Below are records; work out how many of their lines hold the string "OutPortSampleTime" and give that number alone.

→ Input material:
_ _ _ _ _
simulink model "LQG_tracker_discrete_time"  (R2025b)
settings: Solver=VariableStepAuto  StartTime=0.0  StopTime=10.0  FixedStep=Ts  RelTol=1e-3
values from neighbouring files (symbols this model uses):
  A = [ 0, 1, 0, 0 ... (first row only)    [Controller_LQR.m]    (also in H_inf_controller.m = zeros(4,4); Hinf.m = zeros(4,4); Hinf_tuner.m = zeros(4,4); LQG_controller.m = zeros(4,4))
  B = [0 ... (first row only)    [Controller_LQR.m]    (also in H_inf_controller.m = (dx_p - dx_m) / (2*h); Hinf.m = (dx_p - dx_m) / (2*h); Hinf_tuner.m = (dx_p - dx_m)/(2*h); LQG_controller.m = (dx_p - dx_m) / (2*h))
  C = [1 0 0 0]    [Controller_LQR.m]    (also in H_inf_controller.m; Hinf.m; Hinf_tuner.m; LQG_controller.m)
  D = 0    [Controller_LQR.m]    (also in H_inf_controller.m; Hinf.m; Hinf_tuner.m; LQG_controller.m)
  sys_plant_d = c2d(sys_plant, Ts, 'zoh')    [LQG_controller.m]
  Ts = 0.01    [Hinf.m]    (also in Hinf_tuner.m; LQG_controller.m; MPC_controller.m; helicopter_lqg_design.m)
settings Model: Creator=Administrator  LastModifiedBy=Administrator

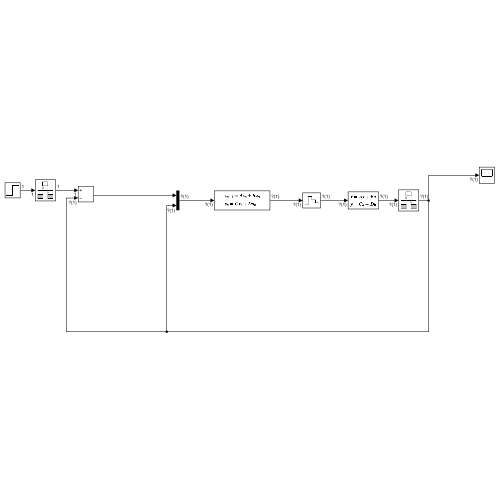
[thumbnail: Simulink's stored preview of the top-level diagram]
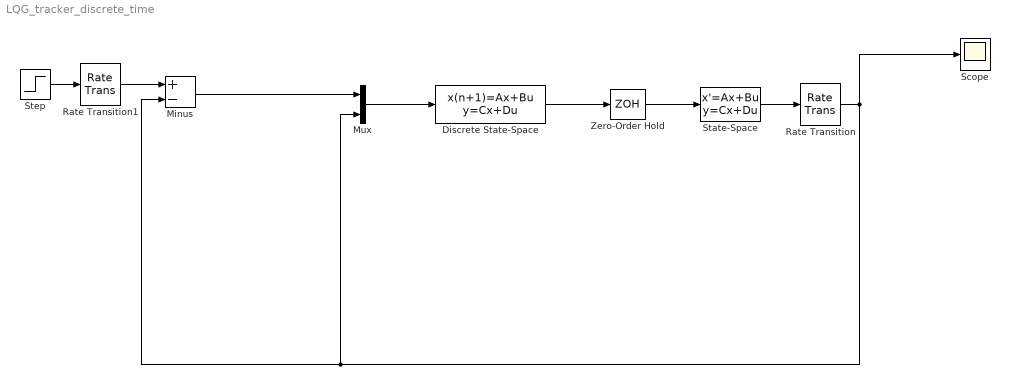
== system LQG_tracker_discrete_time ==
  Discrete State-Space : DiscreteStateSpace  A=sys_plant_d.A  B=sys_plant_d.B  C=sys_plant_d.C  D=sys_plant_d.D  SampleTime=Ts
  Minus : Sum  Inputs=+-
  Mux : Mux  Inputs=2
  Rate Transition : RateTransition  OutPortSampleTime=Ts
  Rate Transition1 : RateTransition  OutPortSampleTime=Ts
  Scope : Scope
      settings: ActiveDisplayYMinimum=-0.1264885247503322  ActiveDisplayYMaximum=1.13839672275299
  State-Space : StateSpace  A=A  B=B  C=C  D=D  InitialCondition=0
  Step : Step  SampleTime=0
  Zero-Order Hold : ZeroOrderHold  SampleTime=Ts
  wires:
  Discrete State-Space/1 -> Zero-Order Hold/1
  Zero-Order Hold/1 -> State-Space/1
  Mux/1 -> Discrete State-Space/1
  Minus/1 -> Mux/1
  State-Space/1 -> Rate Transition/1
  Rate Transition/1 -> Mux/2, Minus/2, Scope/1
  Step/1 -> Rate Transition1/1
  Rate Transition1/1 -> Minus/1
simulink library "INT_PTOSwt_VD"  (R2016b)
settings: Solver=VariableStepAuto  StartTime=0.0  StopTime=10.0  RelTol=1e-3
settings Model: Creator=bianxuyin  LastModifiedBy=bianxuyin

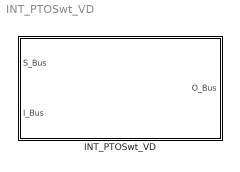
== system INT_PTOSwt_VD ==
  INT_PTOSwt_VD : Subsystem

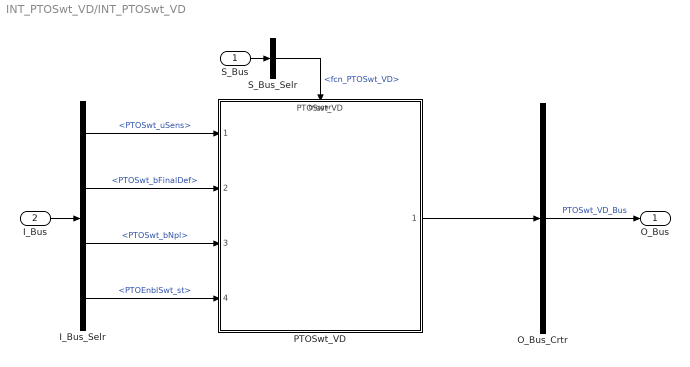
== system INT_PTOSwt_VD/INT_PTOSwt_VD ==
  S_Bus : Inport
  I_Bus : Inport  Port=2
  I_Bus_Selr : BusSelector  OutputSignals=PTOSwt_uSens,PTOSwt_bFinalDef,PTOSwt_bNpl,PTOEnblSwt_st
  O_Bus_Crtr : BusCreator  Inputs=1
  PTOSwt_VD : ModelReference  ModelNameDialog=PTOSwt_VD  SimulationMode=Normal  ModelReferenceVersion=1.15  TriggerPortName=function  TriggerPortTriggerType=function-call  TriggerPortStatesWhenEnabling=held
  S_Bus_Selr : BusSelector  OutputSignals=fcn_PTOSwt_VD
  O_Bus : Outport
  wires:
  S_Bus_Selr/1 -> PTOSwt_VD/Trigger  "<fcn_PTOSwt_VD>"
  S_Bus/1 -> S_Bus_Selr/1
  I_Bus/1 -> I_Bus_Selr/1
  I_Bus_Selr/1 -> PTOSwt_VD/1  "<PTOSwt_uSens>"
  I_Bus_Selr/2 -> PTOSwt_VD/2  "<PTOSwt_bFinalDef>"
  I_Bus_Selr/3 -> PTOSwt_VD/3  "<PTOSwt_bNpl>"
  I_Bus_Selr/4 -> PTOSwt_VD/4  "<PTOEnblSwt_st>"
  O_Bus_Crtr/1 -> O_Bus/1  "PTOSwt_VD_Bus"
  PTOSwt_VD/1 -> O_Bus_Crtr/1
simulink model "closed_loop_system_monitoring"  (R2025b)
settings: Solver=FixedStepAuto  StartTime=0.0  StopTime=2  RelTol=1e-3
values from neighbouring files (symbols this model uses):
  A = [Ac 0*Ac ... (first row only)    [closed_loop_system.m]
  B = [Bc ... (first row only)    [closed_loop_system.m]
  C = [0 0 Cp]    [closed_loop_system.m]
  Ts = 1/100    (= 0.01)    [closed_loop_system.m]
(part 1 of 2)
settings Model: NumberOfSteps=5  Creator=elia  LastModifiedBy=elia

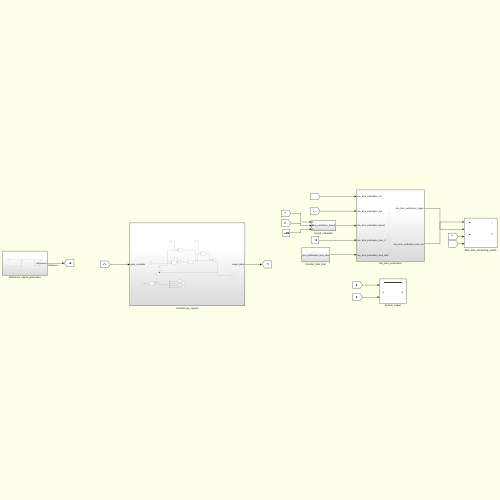
[thumbnail: Simulink's stored preview of the top-level diagram]
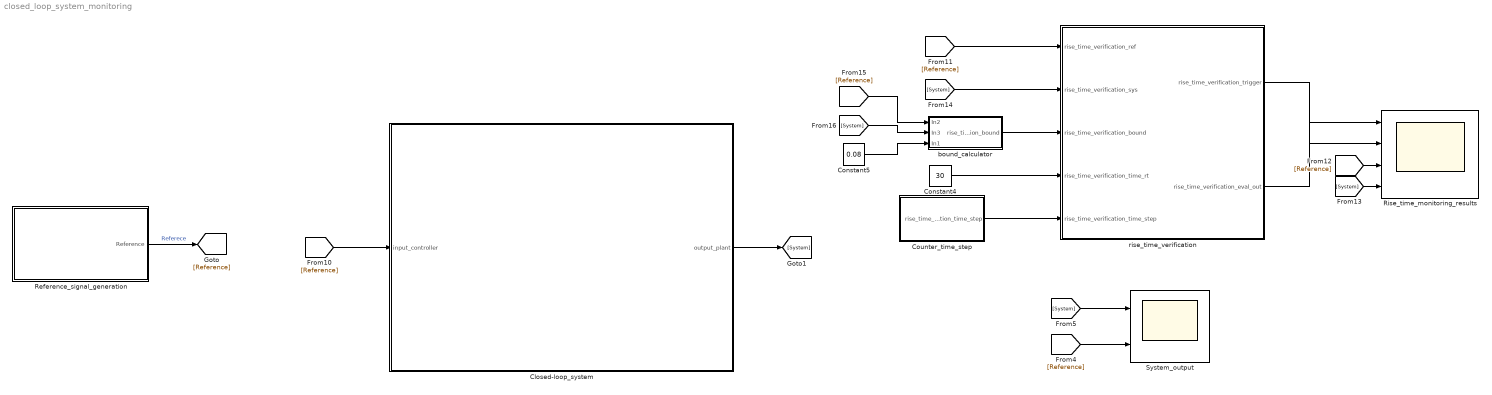
== system closed_loop_system_monitoring ==
  Closed-loop_system : Subsystem
  Constant4 : Constant  Value=30
  Constant5 : Constant  Value=0.08
  Counter_time_step : Subsystem
  Reference_signal_generation : Subsystem
  Rise_time_monitoring_results : Scope  NumInputPorts=4
      settings: ShowGrid=off  ActiveDisplayYMinimum=-0.12499999999999997  ActiveDisplayYMaximum=1.125  DataLoggingVariableName=ScopeData6
  System_output : Scope  NumInputPorts=2
      settings: ActiveDisplayYMinimum=-4.4796097220764581  ActiveDisplayYMaximum=1.9125014477904037
  bound_calculator : Subsystem
  rise_time_verification : Subsystem
  wires:
  Reference_signal_generation/1(Reference) -> [Reference]  "Referece"
  Closed-loop_system/1(output_plant) -> [System]
  [Reference] -> System_output/2
  [System] -> System_output/1
  [Reference] -> Closed-loop_system/1(input_controller)
  [System] -> rise_time_verification/2(rise_time_verification_sys)
  Constant4/1 -> rise_time_verification/4(rise_time_verification_time_rt)
  [System] -> Rise_time_monitoring_results/4
  rise_time_verification/2(rise_time_verification_eval_out) -> Rise_time_monitoring_results/1
  rise_time_verification/1(rise_time_verification_trigger) -> Rise_time_monitoring_results/2
  [Reference] -> Rise_time_monitoring_results/3
  Counter_time_step/1(rise_time_verification_time_step) -> rise_time_verification/5(rise_time_verification_time_step)
  [Reference] -> rise_time_verification/1(rise_time_verification_ref)
  Constant5/1 -> bound_calculator/3(In1)
  bound_calculator/1(rise_time_verification_bound) -> rise_time_verification/3(rise_time_verification_bound)
  [Reference] -> bound_calculator/1(In2)
  [System] -> bound_calculator/2(In3)

== system closed_loop_system_monitoring/Closed-loop_system ==
  input_controller : Inport
  Add : Sum  Inputs=-+
  Add1 : Sum
  Constant : Constant  Value=A
  Constant1 : Constant  Value=B
  Constant2 : Constant  Value=C
  Constant3 : Constant
  Constant4 : Constant  Value=0
  Constant5 : Constant  Value=0
  Constant6 : Constant  Value=0
  Matrix Multiply{,1..3} (4 alike) : Product  Multiplication=Matrix(*)
  Saturation : Subsystem
  Scope : Scope
  Transpose : Math  Operator=transpose
  Unit Delay : UnitDelay  SampleTime=-1  HasFrameUpgradeWarning=on
  Vector Concatenate : Concatenate  NumInputs=4
  output_plant : Outport
  wires:
  Constant/1 -> Matrix Multiply/1
  Constant1/1 -> Matrix Multiply1/1
  Saturation/1(Out1) -> Matrix Multiply1/2
  Add/1 -> Saturation/1(In1)
  Matrix Multiply2/1 -> Add/2
  Constant2/1 -> Matrix Multiply2/2
  Add1/1 -> Scope/1, Matrix Multiply3/2, Unit Delay/1
  Unit Delay/1 -> Matrix Multiply/2, Matrix Multiply2/1
  input_controller/1 -> Add/1
  Matrix Multiply1/1 -> Add1/1
  Matrix Multiply/1 -> Add1/2
  Vector Concatenate/1 -> Transpose/1
  Matrix Multiply3/1 -> output_plant/1
  Constant3/1 -> Vector Concatenate/3
  Constant4/1 -> Vector Concatenate/2
  Constant5/1 -> Vector Concatenate/1
  Constant6/1 -> Vector Concatenate/4
  Transpose/1 -> Matrix Multiply3/1

== system closed_loop_system_monitoring/Counter_time_step ==
  Add : Sum
  Constant4 : Constant  Value=0
  Constant5 : Constant
  Scope2 : Scope
      settings: ActiveDisplayYMinimum=-61.499999999999986  ActiveDisplayYMaximum=563.5  DataLoggingVariableName=ScopeData5
  Switch : Switch  Criteria=u2 ~= 0  SaturateOnIntegerOverflow=off  InputSameDT=off
  Unit Delay : UnitDelay  SampleTime=Ts  HasFrameUpgradeWarning=on
  Unit Delay1 : UnitDelay  SampleTime=Ts  HasFrameUpgradeWarning=on
  rise_time_verification_time_step : Outport
  wires:
  Switch/1 -> Add/1
  Add/1 -> Scope2/1, rise_time_verification_time_step/1, Unit Delay/1
  Constant5/1 -> Add/2
  Unit Delay1/1 -> Switch/2
  Unit Delay/1 -> Switch/3
  Constant4/1 -> Switch/1, Unit Delay1/1

== system closed_loop_system_monitoring/Reference_signal_generation ==
  Scope : Scope
      settings: ActiveDisplayYMinimum=0.9  ActiveDisplayYMaximum=1.1  DataLoggingVariableName=ScopeData4
  Step1 : Step  Time=0  Before=0.0  After=1.0  SampleTime=Ts
  Step2 : Step  Before=0.0  After=-3.0  SampleTime=Ts
  Sum : Sum  Inputs=|++
  Reference : Outport
  wires:
  Sum/1 -> Scope/1, Reference/1
  Step1/1 -> Sum/1  "input_1"
  Step2/1 -> Sum/2  "input_2"

== system closed_loop_system_monitoring/bound_calculator ==
  In2 : Inport
  In3 : Inport  Port=2
  In1 : Inport  Port=3
  Abs : Abs  SaturateOnIntegerOverflow=off
  Constant : Constant  Value=0
  Delay One Step : Delay  DelayLength=1  SampleTime=Ts
  Delay One Step1 : Delay  DelayLength=1  SampleTime=Ts
  Delay One Step2 : Delay  DelayLength=1  SampleTime=Ts
  Equal : RelationalOperator  Operator===  OutDataTypeStr=boolean  RndMeth=Simplest  InputSameDT=off
  NOT : Logic  Operator=NOT  IconShape=distinctive  AllPortsSameDT=off  OutDataTypeStr=boolean
  Product : Product
  Sum : Sum  Inputs=|+-
  Switch : Switch  Criteria=u2 > Threshold  SaturateOnIntegerOverflow=off  InputSameDT=off
  init : Switch  Criteria=u2 ~= 0  SaturateOnIntegerOverflow=off  InputSameDT=off
  rise_time_verification_bound : Outport
  wires:
  init/1 -> Delay One Step2/1, Product/1
  Constant/1 -> Delay One Step/1
  Delay One Step/1 -> init/2
  In2/1 -> Sum/1, Delay One Step1/1, Equal/1
  In3/1 -> Sum/2
  Sum/1 -> Abs/1
  Abs/1 -> Switch/1, init/1
  In1/1 -> Product/2
  Product/1 -> rise_time_verification_bound/1
  Equal/1 -> NOT/1
  NOT/1 -> Switch/2
  Delay One Step1/1 -> Equal/2
  Delay One Step2/1 -> Switch/3
  Switch/1 -> init/3

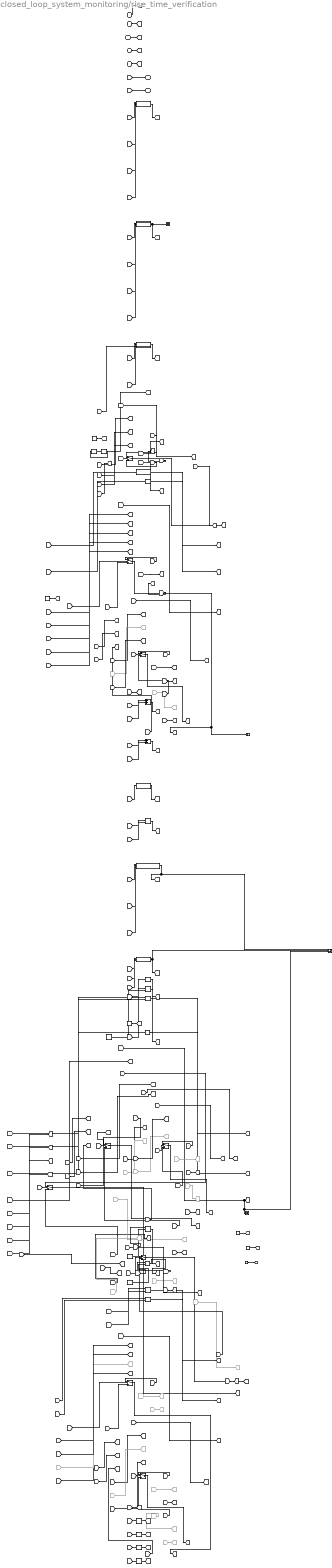
== system closed_loop_system_monitoring/rise_time_verification ==
  note: INIT time_step_reset
      | OK
  note: ITE time_step_reset
      | Guard+b_false OK
  note: ITE eval_out
      | OK
  note: INIT eval_out
      | Guard+init OK
  note: ITE eval : guard = pre trigger and pre eval
      | OK
  note: INIT trigger
      | OK
  note: ITE eval : guard = trigger
      | Guard+b_true OK
  note: ITE eval : guard = not ev_3v_T
      | OK
  note: ITE eval : guard = not ev_3v_F
      | OK
  rise_time_verification_ref : Inport  OutDataTypeStr=double
  rise_time_verification_sys : Inport  Port=2  OutDataTypeStr=double
  rise_time_verification_bound : Inport  Port=3  OutDataTypeStr=double
  rise_time_verification_time_rt : Inport  Port=4
  rise_time_verification_time_step : Inport  Port=5
  Arrow_xxrise_tim_1069005429_on_1_ni_18 : Delay  DelayLength=1  InitialCondition=1
  Constant : Constant  Value=0.5
  Constant1 : Constant  Value=1.0
  Constant2 : Constant  Value=0.25
  PRE_xxrise_time_verification_{2,11,13,22} (4 alike) : Delay  DelayLength=1  InitialCondition=0
  Scope : Scope
      settings: ActiveDisplayYMinimum=0.49776379028009476  ActiveDisplayYMaximum=0.51187913719672951  DataLoggingVariableName=ScopeData8
  Scope1 : Scope
      settings: ActiveDisplayYMinimum=-0.019336367279446723  ActiveDisplayYMaximum=0.04758303740367098  DataLoggingVariableName=ScopeData9
  Scope2 : Scope  NumInputPorts=3
      settings: ActiveDisplayYMinimum=-0.12499999999999997  ActiveDisplayYMaximum=1.125  DataLoggingVariableName=ScopeData10
  Scope3 : Scope
      settings: ActiveDisplayYMinimum=-50.249999999999986  ActiveDisplayYMaximum=452.25  DataLoggingVariableName=ScopeData11
  a_alse_xxrise_time_verification_7_out1 : Goto  Commented=on  GotoTag=a_alse_xxrise_time_verification_7
  a_alse_xxrise_time_verification_7_out2 : Goto  Commented=on  GotoTag=a_alse_xxrise_time_verification_7
  a_alse_xxrise_time_verification_7_out3 : Goto  Commented=on  GotoTag=a_alse_xxrise_time_verification_7
  a_lse_xxrise_time_verification_22_out1 : Goto  Commented=on  GotoTag=a_lse_xxrise_time_verification_22
  a_true_xxrise_time_verification_7_out{,1..2,4} (4 alike) : Goto  Commented=on  GotoTag=a_true_xxrise_time_verification_7
  absolute_value_call : Subsystem
  branch_13_IF : Switch  Criteria=u2 ~= 0  SaturateOnIntegerOverflow=off  InputSameDT=off
  branch_14_IF : Switch  Criteria=u2 ~= 0  SaturateOnIntegerOverflow=off  InputSameDT=off
  branch_15_IF : Switch  Criteria=u2 ~= 0  SaturateOnIntegerOverflow=off  InputSameDT=off
  branch_15_In2 : From  Commented=on  GotoTag=a_lse_xxrise_time_verification_22
  branch_15_branch_false_In1 : From  Commented=on  GotoTag=branch_15_xxrise_time_verification_22
  branch_15_xxrise_time_verification_22_out : Goto  Commented=on  GotoTag=branch_15_xxrise_time_verification_22
  branch_16_IF : Switch  Criteria=u2 ~= 0  SaturateOnIntegerOverflow=off  InputSameDT=off
  branch_17_IF : Switch  Criteria=u2 ~= 0  SaturateOnIntegerOverflow=off  InputSameDT=off
  branch_17_branch_false_In1 : From  Commented=on  GotoTag=branch_17_xxrise_time_verification_7
  branch_17_branch_true_In2 : From  Commented=on  GotoTag=branch_17_xxrise_time_verification_7
  branch_18_IF : Switch  Criteria=u2 ~= 0  SaturateOnIntegerOverflow=off  InputSameDT=off
  branch_18_In2 : From  Commented=on  GotoTag=a_true_xxrise_time_verification_7
  branch_18_branch_false_In1 : From  Commented=on  GotoTag=branch_18_xxrise_time_verification_7
  branch_18_branch_true_In1 : From  Commented=on  GotoTag=branch_18_xxrise_time_verification_7
  branch_18_xxrise_time_verification_7_out : Goto  Commented=on  GotoTag=branch_18_xxrise_time_verification_7
  branch_19_IF : Switch  Criteria=u2 ~= 0  SaturateOnIntegerOverflow=off  InputSameDT=off
  branch_19_In2 : From  Commented=on  GotoTag=a_alse_xxrise_time_verification_7
  branch_19_branch_false_In1 : From  Commented=on  GotoTag=branch_19_xxrise_time_verification_7
  branch_19_branch_true_In1 : From  Commented=on  GotoTag=branch_19_xxrise_time_verification_7
  branch_19_xxrise_time_verification_7_out : Goto  Commented=on  GotoTag=branch_19_xxrise_time_verification_7
  branch_20_IF : Switch  Criteria=u2 ~= 0  SaturateOnIntegerOverflow=off  InputSameDT=off
  branch_20_In3 : From  Commented=on  GotoTag=a_tion_xxrise_time_verification_7
  branch_20_branch_true_In1 : From  Commented=on  GotoTag=branch_20_eval
  branch_20_branch_true_eval_out : Goto  Commented=on  GotoTag=branch_20_branch_true_eval
  branch_20_xxrise_time_verification_7_out : Goto  Commented=on  GotoTag=branch_20_xxrise_time_verification_7
  branch_21_IF : Switch  Criteria=u2 ~= 0  SaturateOnIntegerOverflow=off  InputSameDT=off
  branch_21_In2 : From  Commented=on  GotoTag=a_alse_xxrise_time_verification_7
  branch_21_branch_false_In1 : From  Commented=on  GotoTag=branch_21_eval
  branch_21_branch_false_eval_out : Goto  Commented=on  GotoTag=branch_21_branch_false_eval
  branch_21_branch_true_In1 : From  Commented=on  GotoTag=branch_21_xxrise_time_verification_7
  branch_21_xxrise_time_verification_7_out : Goto  Commented=on  GotoTag=branch_21_xxrise_time_verification_7
  condition_R_call : Subsystem
  eventually_false_var_call : Subsystem
  eventually_true_var_call : Subsystem
  trigger_general_rt_call : Subsystem
  trigger_off_rise_time_call : Subsystem
  trigger_on_rise_time_call : Subsystem
  xxrise_tim_1069005429_on_1_ni_18_init : Constant  Value=0  OutDataTypeStr=boolean
  xxrise_time_verification_10_operator : Logic  Operator=NOT  AllPortsSameDT=off  OutDataTypeStr=boolean
  xxrise_time_verification_12_operator : RelationalOperator  Operator===  OutDataTypeStr=boolean  RndMeth=Simplest  InputSameDT=off
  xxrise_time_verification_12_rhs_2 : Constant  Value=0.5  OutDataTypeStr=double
_ _ _ _ _
→ Task answer:
2